Situation Analysis of HIV in Uganda

Since 1993, Uganda has succeeded in lowering its very high HIV infection rates. Among pregnant women, a key indicator of the progress of the epidemic, the rates have been more than halved in some areas and dropped by over a third among men seeking treatment for STI's. Subsequently, the annual rate of new HIV infections stabilized, leading to a stable adult HIV prevalence of 6-7% in the past 10 years (Spectrum estimates).
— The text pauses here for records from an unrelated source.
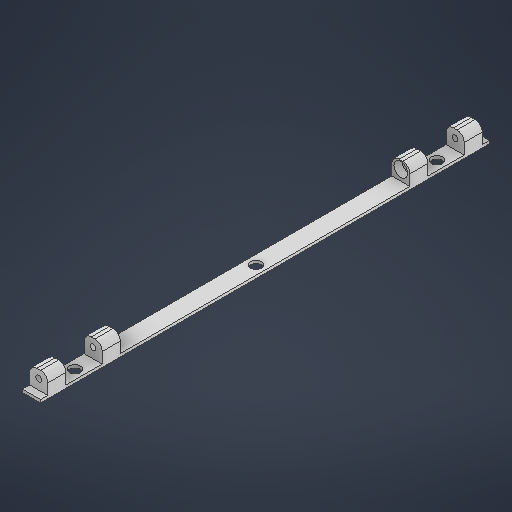
# Autodesk Inventor part: zawiasv2
Saved by Autodesk Inventor 2026.2 (Build 302298010, 298A)
## iProperties
Created: 2026-05-22
Part Number: zawiasv2
Material: Ogólny
Document SubType Name: Modeling
Designer: karol
Density: 1 g/cm^3
Appearance: Domyślna
Author: karol
Autodesk Inventor part; units mm, degrees
ref_plane "YZ Plane" through (0, 0, 0) normal (1, 0, 0) x (0, 1, 0)
ref_plane "XZ Plane" through (0, 0, 0) normal (0, 1, 0) x (-1, 0, 0)
ref_plane "XY Plane" through (0, 0, 0) normal (0, 0, 1) x (1, 0, 0)
sketch "Szkic1" plane through (0, 0, 0) normal (0, 1, 0) x (-1, 0, 0)
  line L0 (0, 0) -> (5, 0)
  line L1 (5, 0) -> (5, -62)
  line L2 (5, -62) -> (0, -62)
  line L3 (0, -62) -> (0, 0)
  line L4 (0, 0) -> (5, 0)
  line L5 (5, 0) -> (5, 62)
  line L6 (5, 62) -> (0, 62)
  line L7 (0, 62) -> (0, 0)
  line L8 (0, 62) -> (5, 62)
  line L9 (5, 62) -> (5, 60)
  line L10 (5, 60) -> (0, 60)
  line L11 (0, 60) -> (0, 62)
  line L12 (5, 60) -> (0, 60)
  line L13 (0, 60) -> (0, 55)
  line L14 (0, 55) -> (5, 55)
  line L15 (5, 55) -> (5, 60)
  line L16 (5, 55) -> (0, 55)
  line L17 (0, 55) -> (0, 45)
  line L18 (0, 45) -> (5, 45)
  line L19 (5, 45) -> (5, 55)
  line L20 (5, 45) -> (0, 45)
  line L21 (0, 45) -> (0, 40)
  line L22 (0, 40) -> (5, 40)
  line L23 (5, 40) -> (5, 45)
  line L24 (0, 40) -> (5, 40)
  line L25 (5, 40) -> (5, 38)
  line L26 (5, 38) -> (0, 38)
  line L27 (0, 38) -> (0, 40)
  line L28 (0, -62) -> (5, -62)
  line L29 (5, -62) -> (5, -60)
  line L30 (5, -60) -> (0, -60)
  line L31 (0, -60) -> (0, -62)
  line L32 (0, -60) -> (5, -60)
  line L33 (5, -60) -> (5, -55)
  line L34 (5, -55) -> (0, -55)
  line L35 (0, -55) -> (0, -60)
  line L36 (0, -55) -> (5, -55)
  line L37 (5, -55) -> (5, -45)
  line L38 (5, -45) -> (0, -45)
  line L39 (0, -45) -> (0, -55)
  line L40 (0, -45) -> (5, -45)
  line L41 (5, -45) -> (5, -40)
  line L42 (5, -40) -> (0, -40)
  line L43 (0, -40) -> (0, -45)
  line L44 (0, -40) -> (5, -40)
  line L45 (5, -40) -> (5, -38)
  line L46 (5, -38) -> (0, -38)
  line L47 (0, -38) -> (0, -40)
  point P0 (0, -45)
  point P1 (0, -55)
  point P2 (5, 40)
  point P3 (5, 55)
  point P4 (0, 60)
  dimension "d0" = 5
  dimension "d1" = 62
  dimension "d2" = 62
  dimension "d3" = 2
  dimension "d4" = 5
  dimension "d5" = 10
  dimension "d6" = 5
  dimension "d7" = 2
  dimension "d8" = 2
  dimension "d9" = 5
  dimension "d10" = 10
  dimension "d11" = 5
  dimension "d12" = 2
  constraints: 96 end point, 24 parallel, 12 horizontal, 12 perpendicular, 11 point on line
  measures "d0" distance of L1.end L2.end
  measures "d1" distance of L0.end L1.end
  measures "d2" distance of L5.end L4.end
  measures "d3" distance of L8.end L9.end
  measures "d4" distance of L13.end L12.end
  measures "d5" distance of L17.end L16.end
  measures "d6" distance of L21.end L20.end
  measures "d7" distance of L24.end L25.end
  measures "d8" distance of L29.end L28.end
  measures "d9" distance of L33.end L32.end
  measures "d10" distance of L37.end L36.end
  measures "d11" distance of L41.end L40.end
  measures "d12" distance of L45.end L44.end
extrude "Wyciągnięcie proste1" add sketch "Szkic1" against normal blind 0.8
extrude "Wyciągnięcie proste2" add sketch "Szkic1" along normal blind 5 contours L42 L1 L38 L3 | L7 L18 L5 L22 | L34 L1 L30 L3 | L7 L10 L5 L14
sketch "Szkic2" plane through (0, 0, 40) normal (0, 0, -1) x (-1, 0, 0)
  circle A0 centre (2.5, 2.8) radius 1.9
  circle A1 centre (2.5, 2.8) radius 0.8
  line L0 (5, 0) -> (5, 5) projected
  line L1 (0, 5) -> (5, 5) projected
  point P0 (0, 0)
  point P1 (5, 2.5)
  dimension "d17" = 3.8
  dimension "d18" = 1.6
  dimension "d19" = 2.5
  dimension "d20" = 2.2
  constraints: 2 centre point, 1 coincident, 1 midpoint
  measures "d17" diameter of A0
  measures "d18" diameter of A1
  measures "d19" horizontal distance of point (5, 2.5) A0.centre
  measures "d20" distance from line of L1 A0.centre
extrude "Wyciągnięcie proste3" cut sketch "Szkic2" against normal blind 2.2 contours A0 | A1
extrude "Wyciągnięcie proste4" cut sketch "Szkic2" against normal blind 20 contours A1
thread "Gwint1" size "M2x0.4" class "6H" standard "ANSI Metric M Profile" full length
sketch "Szkic3" plane through (-5, 0, -40) normal (0, 0, 1) x (1, 0, 0)
  circle A0 centre (2.5, 2.8) radius 0.8 projected
  circle A1 centre (2.5, 2.8) radius 1.9
  circle A2 centre (2.5, 2.8) radius 0.8
  point P0 (5, 0)
  dimension "d27" = 3.8
  dimension "d28" = 1.6
  constraints: 2 centre point, 2 coincident
  measures "d27" diameter of A1
  measures "d28" diameter of A2
extrude "Wyciągnięcie proste5" cut sketch "Szkic3" against normal blind 2.2 contours A0 | A1
extrude "Wyciągnięcie proste6" cut sketch "Szkic3" against normal blind 20 contours A0
thread "Gwint2" size "M2x0.4" class "6H" standard "ANSI Metric M Profile" full length
fillet "Zaokrąglenie1" radius 2 8 edges at (-5, 5, 57.5) (0, 5, 57.5) (0, 5, 42.5) (-5, 5, 42.5) (0, 5, -42.5) (-5, 5, -42.5) (0, 5, -57.5) (-5, 5, -57.5)
sketch "Szkic4" plane through (0, 0, 0) normal (0, 1, 0) x (1, 0, 0)
  circle A0 centre (-2.5, -50) radius 1.55
  circle A1 centre (-2.5, 50) radius 1.55
  circle A2 centre (-2.5, 0) radius 1.55
  line L0 (-5, -45) -> (-5, -55) projected
  line L1 (-3, -45) -> (-2, -45) projected
  line L2 (-2, 45) -> (-3, 45) projected
  line L3 (-5, 55) -> (-5, 45) projected
  line L4 (-5, 40) -> (-5, -40) projected
  line L5 (0, 62) -> (-5, 62) projected
  point P0 (0, 0)
  point P1 (-2.5, -45)
  point P2 (-2.5, 45)
  point P3 (-5, 50)
  point P4 (-2.5, 62)
  dimension "d36" = 3.1
  dimension "d37" = 2.5
  dimension "d38" = 5
  dimension "d39" = 5
  dimension "d40" = 2.5
  dimension "d41" = 3.1
  dimension "d42" = 2.5
  dimension "d43" = 62
  dimension "d44" = 3.1
  constraints: 4 midpoint, 3 centre point
  measures "d36" diameter of A0
  measures "d37" distance from line of L0 A0.centre
  measures "d38" distance of point (-2.5, -45) A0.centre
  measures "d39" distance of point (-2.5, 45) A1.centre
  measures "d40" distance of point (-5, 50) A1.centre
  measures "d41" diameter of A1
  measures "d42" distance from line of L4 A2.centre
  measures "d43" distance of point (-2.5, 62) A2.centre
  measures "d44" diameter of A2
extrude "Wyciągnięcie proste7" cut sketch "Szkic4" against normal blind 0.8

Despite this success, there are serious concerns due to the fact that overall, HIV incidence increased from 115,775 in 2007/08 to 124,261 during 2009/2010 based on mathematical models ran by MoH, using EPP and Spectrum. Concerns are now being raised about the amount of attention (leadership, funds, and systems) committed to proven prevention and treatment interventions. Drivers of the HIV epidemic include the structural, contextual and social factors, such as poverty, gender inequality, inequity and poor access to health care, as well as stigma and discrimination and other human rights violations. Like elsewhere, Uganda‘s response is expected to utilize the game changing scientific advances, scale-up out interventions to realize universal access target for services.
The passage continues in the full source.